[YOUR TASK]:
Your task is to copy each line of the material that includes "layers".

####################

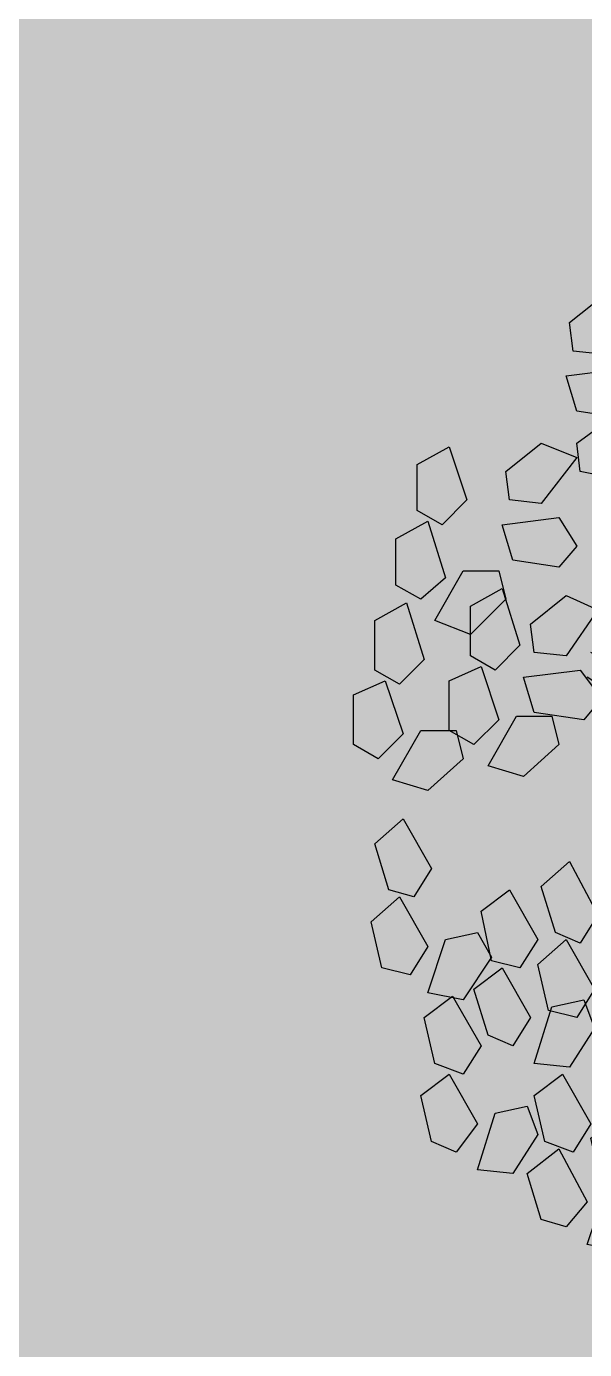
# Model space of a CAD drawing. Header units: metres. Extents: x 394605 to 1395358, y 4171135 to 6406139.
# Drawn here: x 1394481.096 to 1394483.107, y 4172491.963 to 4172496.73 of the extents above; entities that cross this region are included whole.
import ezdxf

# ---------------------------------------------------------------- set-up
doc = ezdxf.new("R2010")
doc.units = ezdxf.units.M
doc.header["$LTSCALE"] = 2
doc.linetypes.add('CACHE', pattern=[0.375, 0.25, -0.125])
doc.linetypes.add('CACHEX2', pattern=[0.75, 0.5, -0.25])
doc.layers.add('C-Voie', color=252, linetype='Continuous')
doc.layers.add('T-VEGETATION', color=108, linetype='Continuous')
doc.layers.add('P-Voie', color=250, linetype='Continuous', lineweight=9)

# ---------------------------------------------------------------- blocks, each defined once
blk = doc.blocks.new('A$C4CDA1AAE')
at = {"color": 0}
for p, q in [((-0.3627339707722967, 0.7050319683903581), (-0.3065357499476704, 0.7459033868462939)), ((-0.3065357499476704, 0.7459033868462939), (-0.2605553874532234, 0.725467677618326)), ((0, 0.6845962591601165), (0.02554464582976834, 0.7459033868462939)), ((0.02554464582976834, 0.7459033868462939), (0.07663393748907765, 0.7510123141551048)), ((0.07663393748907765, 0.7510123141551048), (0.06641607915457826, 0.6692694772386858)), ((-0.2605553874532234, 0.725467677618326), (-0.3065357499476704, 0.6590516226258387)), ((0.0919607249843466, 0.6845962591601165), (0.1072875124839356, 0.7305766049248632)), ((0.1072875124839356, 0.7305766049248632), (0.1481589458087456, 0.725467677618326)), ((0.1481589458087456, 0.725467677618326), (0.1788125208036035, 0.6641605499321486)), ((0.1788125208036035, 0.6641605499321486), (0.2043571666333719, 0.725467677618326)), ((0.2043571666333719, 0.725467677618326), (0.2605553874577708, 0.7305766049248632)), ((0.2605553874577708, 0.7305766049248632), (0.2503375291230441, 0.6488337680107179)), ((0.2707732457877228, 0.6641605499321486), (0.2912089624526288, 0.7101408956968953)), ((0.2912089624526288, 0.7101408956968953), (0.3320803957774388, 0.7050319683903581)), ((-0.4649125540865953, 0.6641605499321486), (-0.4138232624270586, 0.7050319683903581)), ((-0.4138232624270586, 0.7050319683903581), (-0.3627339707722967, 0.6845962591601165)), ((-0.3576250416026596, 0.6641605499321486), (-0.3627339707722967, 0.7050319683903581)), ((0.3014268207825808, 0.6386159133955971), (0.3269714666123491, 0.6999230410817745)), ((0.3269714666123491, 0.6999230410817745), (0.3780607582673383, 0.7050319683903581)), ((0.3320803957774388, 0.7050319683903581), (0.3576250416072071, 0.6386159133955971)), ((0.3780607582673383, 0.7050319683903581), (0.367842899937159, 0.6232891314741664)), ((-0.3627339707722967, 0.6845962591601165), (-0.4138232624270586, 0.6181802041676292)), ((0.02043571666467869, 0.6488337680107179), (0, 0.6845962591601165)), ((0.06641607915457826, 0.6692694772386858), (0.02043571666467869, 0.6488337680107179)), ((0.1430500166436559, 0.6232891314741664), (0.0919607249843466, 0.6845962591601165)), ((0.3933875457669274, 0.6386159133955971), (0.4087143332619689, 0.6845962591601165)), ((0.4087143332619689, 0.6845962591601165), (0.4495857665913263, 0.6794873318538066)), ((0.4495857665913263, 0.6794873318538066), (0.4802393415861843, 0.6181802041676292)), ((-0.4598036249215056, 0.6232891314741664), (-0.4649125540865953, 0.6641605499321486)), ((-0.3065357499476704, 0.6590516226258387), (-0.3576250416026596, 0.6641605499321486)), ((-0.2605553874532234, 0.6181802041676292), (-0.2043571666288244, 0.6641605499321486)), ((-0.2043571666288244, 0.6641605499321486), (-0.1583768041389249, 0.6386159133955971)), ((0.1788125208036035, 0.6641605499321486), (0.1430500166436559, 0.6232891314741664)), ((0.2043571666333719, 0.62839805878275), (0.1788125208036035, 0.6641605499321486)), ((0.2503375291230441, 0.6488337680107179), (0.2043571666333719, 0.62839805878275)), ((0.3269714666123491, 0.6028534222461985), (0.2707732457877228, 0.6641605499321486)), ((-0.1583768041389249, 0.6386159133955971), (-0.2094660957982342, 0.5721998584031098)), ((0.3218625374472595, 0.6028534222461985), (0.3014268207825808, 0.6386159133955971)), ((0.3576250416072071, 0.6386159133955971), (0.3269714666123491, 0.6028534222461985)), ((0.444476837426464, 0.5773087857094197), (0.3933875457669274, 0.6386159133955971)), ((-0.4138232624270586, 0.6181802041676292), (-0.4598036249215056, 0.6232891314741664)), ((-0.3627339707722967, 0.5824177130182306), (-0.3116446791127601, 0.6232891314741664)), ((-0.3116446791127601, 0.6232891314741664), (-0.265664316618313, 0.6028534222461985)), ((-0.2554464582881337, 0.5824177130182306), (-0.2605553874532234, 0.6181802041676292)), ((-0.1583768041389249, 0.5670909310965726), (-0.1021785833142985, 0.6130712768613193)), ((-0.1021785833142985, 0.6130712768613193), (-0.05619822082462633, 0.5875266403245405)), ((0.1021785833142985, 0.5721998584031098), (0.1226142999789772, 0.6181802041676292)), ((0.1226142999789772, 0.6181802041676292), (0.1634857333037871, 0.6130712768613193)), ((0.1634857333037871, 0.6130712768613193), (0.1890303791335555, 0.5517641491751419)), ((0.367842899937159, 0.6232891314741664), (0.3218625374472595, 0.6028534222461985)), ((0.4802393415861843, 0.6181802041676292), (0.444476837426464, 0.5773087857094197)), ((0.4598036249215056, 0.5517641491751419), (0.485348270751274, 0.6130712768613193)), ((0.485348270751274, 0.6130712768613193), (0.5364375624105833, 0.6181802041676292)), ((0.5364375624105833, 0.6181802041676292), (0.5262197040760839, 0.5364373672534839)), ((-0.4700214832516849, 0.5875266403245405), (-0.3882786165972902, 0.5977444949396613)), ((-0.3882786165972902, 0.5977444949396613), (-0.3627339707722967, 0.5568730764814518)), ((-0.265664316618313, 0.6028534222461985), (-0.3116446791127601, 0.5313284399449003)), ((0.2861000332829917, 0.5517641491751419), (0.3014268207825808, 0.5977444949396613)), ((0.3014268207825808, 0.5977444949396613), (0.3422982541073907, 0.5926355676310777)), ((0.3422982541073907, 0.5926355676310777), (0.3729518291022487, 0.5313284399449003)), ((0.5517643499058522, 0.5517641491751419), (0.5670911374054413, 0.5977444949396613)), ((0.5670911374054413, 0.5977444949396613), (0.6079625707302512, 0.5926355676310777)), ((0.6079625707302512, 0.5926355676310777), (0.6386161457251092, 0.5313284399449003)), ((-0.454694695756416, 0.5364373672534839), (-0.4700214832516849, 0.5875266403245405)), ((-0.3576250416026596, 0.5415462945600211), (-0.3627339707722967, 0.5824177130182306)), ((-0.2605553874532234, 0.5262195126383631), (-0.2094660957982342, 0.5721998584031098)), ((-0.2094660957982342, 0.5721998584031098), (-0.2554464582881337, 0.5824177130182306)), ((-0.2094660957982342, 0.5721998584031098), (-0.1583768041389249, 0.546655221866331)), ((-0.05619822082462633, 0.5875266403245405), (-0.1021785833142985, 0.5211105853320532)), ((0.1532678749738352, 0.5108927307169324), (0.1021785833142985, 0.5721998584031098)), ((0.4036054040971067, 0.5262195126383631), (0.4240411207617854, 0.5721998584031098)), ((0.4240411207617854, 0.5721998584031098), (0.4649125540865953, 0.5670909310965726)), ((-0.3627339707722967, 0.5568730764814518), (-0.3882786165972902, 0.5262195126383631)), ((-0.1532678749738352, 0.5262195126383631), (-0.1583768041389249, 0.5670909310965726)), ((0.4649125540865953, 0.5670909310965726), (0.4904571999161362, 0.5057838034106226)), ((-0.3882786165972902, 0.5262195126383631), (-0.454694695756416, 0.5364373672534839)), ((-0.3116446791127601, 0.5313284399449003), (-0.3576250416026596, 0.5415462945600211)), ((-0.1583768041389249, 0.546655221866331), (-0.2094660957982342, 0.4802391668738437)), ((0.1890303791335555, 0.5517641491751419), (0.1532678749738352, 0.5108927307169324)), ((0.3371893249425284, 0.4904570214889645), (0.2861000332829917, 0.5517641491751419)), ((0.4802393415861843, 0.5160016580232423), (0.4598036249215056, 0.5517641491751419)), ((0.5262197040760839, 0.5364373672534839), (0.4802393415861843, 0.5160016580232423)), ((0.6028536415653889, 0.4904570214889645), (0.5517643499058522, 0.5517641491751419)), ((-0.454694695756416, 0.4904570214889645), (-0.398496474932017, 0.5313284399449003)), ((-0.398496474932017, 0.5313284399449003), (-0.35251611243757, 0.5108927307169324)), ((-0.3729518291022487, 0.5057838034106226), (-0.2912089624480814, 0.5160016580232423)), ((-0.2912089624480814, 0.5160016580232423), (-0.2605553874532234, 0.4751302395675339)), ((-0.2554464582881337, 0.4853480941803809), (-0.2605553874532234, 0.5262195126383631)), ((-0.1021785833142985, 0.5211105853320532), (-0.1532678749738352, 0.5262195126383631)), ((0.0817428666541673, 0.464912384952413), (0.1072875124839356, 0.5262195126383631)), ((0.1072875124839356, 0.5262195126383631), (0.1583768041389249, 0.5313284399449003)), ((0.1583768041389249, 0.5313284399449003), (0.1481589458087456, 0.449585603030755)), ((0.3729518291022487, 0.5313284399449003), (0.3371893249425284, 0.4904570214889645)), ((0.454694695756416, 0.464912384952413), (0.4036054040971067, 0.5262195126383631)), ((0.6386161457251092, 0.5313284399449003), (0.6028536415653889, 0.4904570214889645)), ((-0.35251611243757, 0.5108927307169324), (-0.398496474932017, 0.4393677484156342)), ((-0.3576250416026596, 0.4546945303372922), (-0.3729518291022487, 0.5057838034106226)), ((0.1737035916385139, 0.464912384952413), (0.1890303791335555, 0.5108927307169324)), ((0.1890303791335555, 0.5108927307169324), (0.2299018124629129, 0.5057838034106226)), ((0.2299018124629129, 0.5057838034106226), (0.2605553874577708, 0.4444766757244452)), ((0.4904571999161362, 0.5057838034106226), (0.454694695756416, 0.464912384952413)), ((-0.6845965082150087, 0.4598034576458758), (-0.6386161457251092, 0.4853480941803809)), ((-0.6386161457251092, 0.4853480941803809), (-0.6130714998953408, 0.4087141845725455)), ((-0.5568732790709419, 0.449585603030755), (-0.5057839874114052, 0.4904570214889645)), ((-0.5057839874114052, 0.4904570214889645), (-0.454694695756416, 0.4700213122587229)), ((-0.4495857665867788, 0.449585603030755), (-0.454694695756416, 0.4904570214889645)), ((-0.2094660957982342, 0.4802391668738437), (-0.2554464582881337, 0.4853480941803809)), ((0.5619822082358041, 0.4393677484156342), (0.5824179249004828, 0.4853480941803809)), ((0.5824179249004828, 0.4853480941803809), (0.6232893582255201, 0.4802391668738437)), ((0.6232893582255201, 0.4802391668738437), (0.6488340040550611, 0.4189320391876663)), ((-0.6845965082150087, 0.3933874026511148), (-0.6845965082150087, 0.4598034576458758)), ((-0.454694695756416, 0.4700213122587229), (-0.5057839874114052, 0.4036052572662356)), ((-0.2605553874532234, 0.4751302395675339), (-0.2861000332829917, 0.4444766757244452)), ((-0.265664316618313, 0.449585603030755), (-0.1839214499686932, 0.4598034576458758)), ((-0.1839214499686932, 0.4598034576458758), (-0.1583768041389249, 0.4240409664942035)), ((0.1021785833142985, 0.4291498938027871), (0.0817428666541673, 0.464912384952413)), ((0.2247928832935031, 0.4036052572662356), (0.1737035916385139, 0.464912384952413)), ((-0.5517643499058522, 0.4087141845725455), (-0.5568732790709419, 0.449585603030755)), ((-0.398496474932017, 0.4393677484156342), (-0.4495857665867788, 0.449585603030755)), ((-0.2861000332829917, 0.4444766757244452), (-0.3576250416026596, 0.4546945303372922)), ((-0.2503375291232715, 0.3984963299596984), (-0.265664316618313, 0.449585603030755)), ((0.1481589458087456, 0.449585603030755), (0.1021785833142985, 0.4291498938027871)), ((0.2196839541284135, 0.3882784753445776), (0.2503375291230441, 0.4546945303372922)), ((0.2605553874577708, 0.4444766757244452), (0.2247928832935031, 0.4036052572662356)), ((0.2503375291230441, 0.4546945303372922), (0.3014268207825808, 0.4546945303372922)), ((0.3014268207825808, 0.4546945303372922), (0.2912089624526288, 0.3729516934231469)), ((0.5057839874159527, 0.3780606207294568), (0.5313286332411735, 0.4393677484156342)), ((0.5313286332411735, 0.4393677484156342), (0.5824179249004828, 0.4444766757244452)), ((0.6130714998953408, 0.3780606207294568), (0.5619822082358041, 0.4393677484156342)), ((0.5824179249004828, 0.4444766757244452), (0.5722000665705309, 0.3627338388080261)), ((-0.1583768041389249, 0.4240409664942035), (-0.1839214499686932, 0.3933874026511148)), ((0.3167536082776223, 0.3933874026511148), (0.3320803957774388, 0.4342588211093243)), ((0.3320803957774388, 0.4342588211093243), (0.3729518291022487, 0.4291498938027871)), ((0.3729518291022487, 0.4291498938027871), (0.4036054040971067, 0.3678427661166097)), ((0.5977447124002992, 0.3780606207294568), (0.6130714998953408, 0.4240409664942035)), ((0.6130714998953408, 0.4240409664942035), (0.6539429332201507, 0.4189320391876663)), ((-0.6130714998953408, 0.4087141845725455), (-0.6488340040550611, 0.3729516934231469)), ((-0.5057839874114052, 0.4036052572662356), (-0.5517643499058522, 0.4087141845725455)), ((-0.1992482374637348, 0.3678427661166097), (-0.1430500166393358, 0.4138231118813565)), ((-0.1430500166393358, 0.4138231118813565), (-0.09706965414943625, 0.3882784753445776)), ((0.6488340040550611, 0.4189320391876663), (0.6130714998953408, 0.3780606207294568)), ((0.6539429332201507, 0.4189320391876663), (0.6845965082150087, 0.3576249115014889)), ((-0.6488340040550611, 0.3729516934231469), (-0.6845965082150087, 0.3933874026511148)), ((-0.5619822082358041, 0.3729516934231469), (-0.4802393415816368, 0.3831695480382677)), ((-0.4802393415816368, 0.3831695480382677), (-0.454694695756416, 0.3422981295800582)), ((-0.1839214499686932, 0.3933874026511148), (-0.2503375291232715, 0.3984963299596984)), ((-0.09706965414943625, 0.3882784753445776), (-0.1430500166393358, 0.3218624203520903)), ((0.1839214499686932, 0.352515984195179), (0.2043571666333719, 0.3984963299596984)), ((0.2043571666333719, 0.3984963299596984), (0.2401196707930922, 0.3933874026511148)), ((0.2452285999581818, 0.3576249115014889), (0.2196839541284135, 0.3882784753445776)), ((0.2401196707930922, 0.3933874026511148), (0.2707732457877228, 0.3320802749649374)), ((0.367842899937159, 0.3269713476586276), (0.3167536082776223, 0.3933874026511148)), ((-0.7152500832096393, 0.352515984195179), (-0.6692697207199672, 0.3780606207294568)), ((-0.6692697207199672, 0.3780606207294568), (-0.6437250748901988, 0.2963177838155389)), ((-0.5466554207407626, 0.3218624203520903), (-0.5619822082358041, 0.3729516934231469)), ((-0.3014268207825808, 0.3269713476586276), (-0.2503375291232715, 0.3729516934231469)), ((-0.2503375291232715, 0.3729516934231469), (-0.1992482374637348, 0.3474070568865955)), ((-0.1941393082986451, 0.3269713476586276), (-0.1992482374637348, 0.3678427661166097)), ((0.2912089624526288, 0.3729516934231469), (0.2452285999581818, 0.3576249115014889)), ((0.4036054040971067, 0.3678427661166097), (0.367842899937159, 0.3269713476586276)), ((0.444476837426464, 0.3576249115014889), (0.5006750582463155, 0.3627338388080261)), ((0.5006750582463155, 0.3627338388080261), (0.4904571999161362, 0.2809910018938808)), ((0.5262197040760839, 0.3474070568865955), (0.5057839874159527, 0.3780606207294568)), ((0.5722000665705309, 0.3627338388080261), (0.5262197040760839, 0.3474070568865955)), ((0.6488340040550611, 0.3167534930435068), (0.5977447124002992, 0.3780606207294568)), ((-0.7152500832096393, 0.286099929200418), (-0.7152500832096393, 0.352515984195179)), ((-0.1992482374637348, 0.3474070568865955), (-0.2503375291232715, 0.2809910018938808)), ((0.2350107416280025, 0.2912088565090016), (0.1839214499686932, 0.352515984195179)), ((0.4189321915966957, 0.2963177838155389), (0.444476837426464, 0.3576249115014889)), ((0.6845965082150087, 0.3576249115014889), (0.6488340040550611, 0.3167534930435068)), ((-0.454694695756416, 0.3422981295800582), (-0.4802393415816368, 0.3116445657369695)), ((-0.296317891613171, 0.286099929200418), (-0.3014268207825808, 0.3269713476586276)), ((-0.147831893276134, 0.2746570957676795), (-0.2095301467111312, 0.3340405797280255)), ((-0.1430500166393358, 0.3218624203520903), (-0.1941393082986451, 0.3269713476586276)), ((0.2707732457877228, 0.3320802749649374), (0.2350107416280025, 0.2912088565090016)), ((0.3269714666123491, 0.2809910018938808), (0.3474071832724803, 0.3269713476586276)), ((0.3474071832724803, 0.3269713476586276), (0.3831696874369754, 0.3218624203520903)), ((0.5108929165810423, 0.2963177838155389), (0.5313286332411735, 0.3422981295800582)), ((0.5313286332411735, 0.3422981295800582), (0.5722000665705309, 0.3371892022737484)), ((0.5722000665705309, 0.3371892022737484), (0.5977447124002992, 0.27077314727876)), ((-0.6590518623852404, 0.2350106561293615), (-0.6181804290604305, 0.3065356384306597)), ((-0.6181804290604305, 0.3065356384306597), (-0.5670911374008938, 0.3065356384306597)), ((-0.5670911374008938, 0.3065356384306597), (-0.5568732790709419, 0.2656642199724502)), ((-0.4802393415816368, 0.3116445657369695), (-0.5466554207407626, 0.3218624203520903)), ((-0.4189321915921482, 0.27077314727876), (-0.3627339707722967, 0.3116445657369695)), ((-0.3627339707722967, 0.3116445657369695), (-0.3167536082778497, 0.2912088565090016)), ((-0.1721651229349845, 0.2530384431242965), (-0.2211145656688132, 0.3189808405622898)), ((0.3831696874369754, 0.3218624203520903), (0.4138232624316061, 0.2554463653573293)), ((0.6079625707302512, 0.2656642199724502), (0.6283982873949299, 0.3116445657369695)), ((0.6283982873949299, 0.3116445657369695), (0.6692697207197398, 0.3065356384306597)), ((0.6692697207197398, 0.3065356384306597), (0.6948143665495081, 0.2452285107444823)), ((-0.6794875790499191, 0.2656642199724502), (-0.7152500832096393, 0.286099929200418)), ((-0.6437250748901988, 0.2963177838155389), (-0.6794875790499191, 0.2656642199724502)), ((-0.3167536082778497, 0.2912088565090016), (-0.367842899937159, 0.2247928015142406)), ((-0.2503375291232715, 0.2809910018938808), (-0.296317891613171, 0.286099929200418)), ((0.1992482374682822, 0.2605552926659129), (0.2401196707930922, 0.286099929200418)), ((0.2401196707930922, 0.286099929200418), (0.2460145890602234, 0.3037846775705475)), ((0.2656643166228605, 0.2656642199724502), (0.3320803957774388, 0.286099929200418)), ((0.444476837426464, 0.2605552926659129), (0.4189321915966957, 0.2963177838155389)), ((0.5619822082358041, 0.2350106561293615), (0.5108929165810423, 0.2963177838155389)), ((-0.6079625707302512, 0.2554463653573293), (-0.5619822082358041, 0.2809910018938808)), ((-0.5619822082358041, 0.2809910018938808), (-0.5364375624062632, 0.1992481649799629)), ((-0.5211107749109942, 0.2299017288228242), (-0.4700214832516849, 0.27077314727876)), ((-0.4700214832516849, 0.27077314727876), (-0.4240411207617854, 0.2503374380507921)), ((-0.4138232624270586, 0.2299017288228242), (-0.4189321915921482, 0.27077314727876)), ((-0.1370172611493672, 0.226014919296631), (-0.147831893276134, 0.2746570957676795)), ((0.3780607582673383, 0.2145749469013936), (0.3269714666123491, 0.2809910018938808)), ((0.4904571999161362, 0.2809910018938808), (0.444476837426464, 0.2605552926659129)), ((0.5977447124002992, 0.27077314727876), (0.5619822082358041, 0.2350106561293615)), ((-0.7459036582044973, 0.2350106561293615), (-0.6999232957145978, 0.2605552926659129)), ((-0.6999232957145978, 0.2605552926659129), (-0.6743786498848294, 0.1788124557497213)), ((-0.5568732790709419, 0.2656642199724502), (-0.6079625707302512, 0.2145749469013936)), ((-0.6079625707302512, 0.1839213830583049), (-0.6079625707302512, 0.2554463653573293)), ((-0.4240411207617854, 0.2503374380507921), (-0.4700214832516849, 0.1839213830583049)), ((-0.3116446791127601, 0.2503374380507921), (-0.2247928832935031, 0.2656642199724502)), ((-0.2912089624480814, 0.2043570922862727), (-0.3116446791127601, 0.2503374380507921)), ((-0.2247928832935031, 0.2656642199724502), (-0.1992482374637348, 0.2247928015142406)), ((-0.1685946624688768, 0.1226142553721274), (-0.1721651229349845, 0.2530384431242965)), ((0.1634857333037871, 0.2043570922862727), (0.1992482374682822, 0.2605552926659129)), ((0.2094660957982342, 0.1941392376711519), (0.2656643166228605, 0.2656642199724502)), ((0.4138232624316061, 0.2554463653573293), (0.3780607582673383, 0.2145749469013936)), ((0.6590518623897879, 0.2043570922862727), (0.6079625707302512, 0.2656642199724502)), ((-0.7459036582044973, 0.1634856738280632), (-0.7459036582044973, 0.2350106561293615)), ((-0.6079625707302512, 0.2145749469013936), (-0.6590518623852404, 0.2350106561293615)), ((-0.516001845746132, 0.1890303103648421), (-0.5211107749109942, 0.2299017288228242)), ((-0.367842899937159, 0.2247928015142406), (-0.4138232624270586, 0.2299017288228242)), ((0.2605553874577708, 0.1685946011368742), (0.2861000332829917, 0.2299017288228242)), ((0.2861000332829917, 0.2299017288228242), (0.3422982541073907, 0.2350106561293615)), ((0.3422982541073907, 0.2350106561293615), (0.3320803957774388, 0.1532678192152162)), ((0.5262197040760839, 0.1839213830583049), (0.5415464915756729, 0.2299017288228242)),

####################

[TASK SOLUTION]:
doc.layers.add('C-Voie', color=252, linetype='Continuous')
doc.layers.add('T-VEGETATION', color=108, linetype='Continuous')
doc.layers.add('P-Voie', color=250, linetype='Continuous', lineweight=9)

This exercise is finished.